• [Assigned task]
Pictures aside, repeat every record below exactly.

═════ Records supplied

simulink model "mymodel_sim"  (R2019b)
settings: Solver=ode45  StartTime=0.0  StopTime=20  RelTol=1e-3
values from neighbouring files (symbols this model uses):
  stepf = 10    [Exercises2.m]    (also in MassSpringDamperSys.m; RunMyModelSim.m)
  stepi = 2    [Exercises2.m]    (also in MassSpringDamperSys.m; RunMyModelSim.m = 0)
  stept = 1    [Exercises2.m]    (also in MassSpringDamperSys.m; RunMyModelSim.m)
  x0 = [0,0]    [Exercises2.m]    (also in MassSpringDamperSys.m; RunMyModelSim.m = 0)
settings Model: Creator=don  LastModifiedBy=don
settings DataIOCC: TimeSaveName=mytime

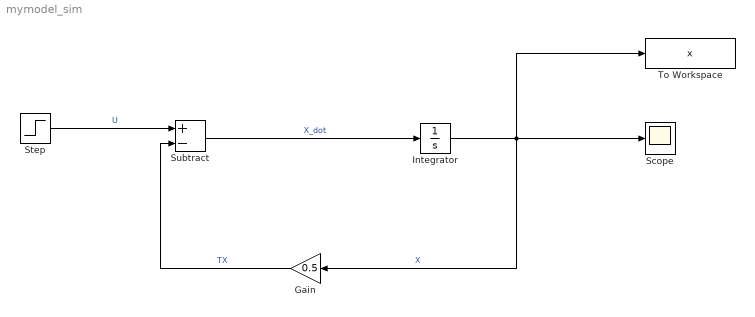
== system mymodel_sim ==
  Gain : Gain  Gain=0.5
  Integrator : Integrator  InitialCondition=x0
  Scope : Scope
  Step : Step  Time=stept  Before=stepi  After=stepf  SampleTime=0
  Subtract : Sum  Inputs=+-
  To Workspace : ToWorkspace  VariableName=x  SampleTime=-1
  wires:
  Step/1 -> Subtract/1  "U"
  Subtract/1 -> Integrator/1  "X_dot"
  Integrator/1 -> Gain/1, Scope/1, To Workspace/1  "X"
  Gain/1 -> Subtract/2  "TX"

══════════

• [Result for this task]
simulink model "mymodel_sim"  (R2019b)
settings: Solver=ode45  StartTime=0.0  StopTime=20  RelTol=1e-3
values from neighbouring files (symbols this model uses):
  stepf = 10    [Exercises2.m]    (also in MassSpringDamperSys.m; RunMyModelSim.m)
  stepi = 2    [Exercises2.m]    (also in MassSpringDamperSys.m; RunMyModelSim.m = 0)
  stept = 1    [Exercises2.m]    (also in MassSpringDamperSys.m; RunMyModelSim.m)
  x0 = [0,0]    [Exercises2.m]    (also in MassSpringDamperSys.m; RunMyModelSim.m = 0)
settings Model: Creator=don  LastModifiedBy=don
settings DataIOCC: TimeSaveName=mytime

== system mymodel_sim ==
  Gain : Gain  Gain=0.5
  Integrator : Integrator  InitialCondition=x0
  Scope : Scope
  Step : Step  Time=stept  Before=stepi  After=stepf  SampleTime=0
  Subtract : Sum  Inputs=+-
  To Workspace : ToWorkspace  VariableName=x  SampleTime=-1
  wires:
  Step/1 -> Subtract/1  "U"
  Subtract/1 -> Integrator/1  "X_dot"
  Integrator/1 -> Gain/1, Scope/1, To Workspace/1  "X"
  Gain/1 -> Subtract/2  "TX"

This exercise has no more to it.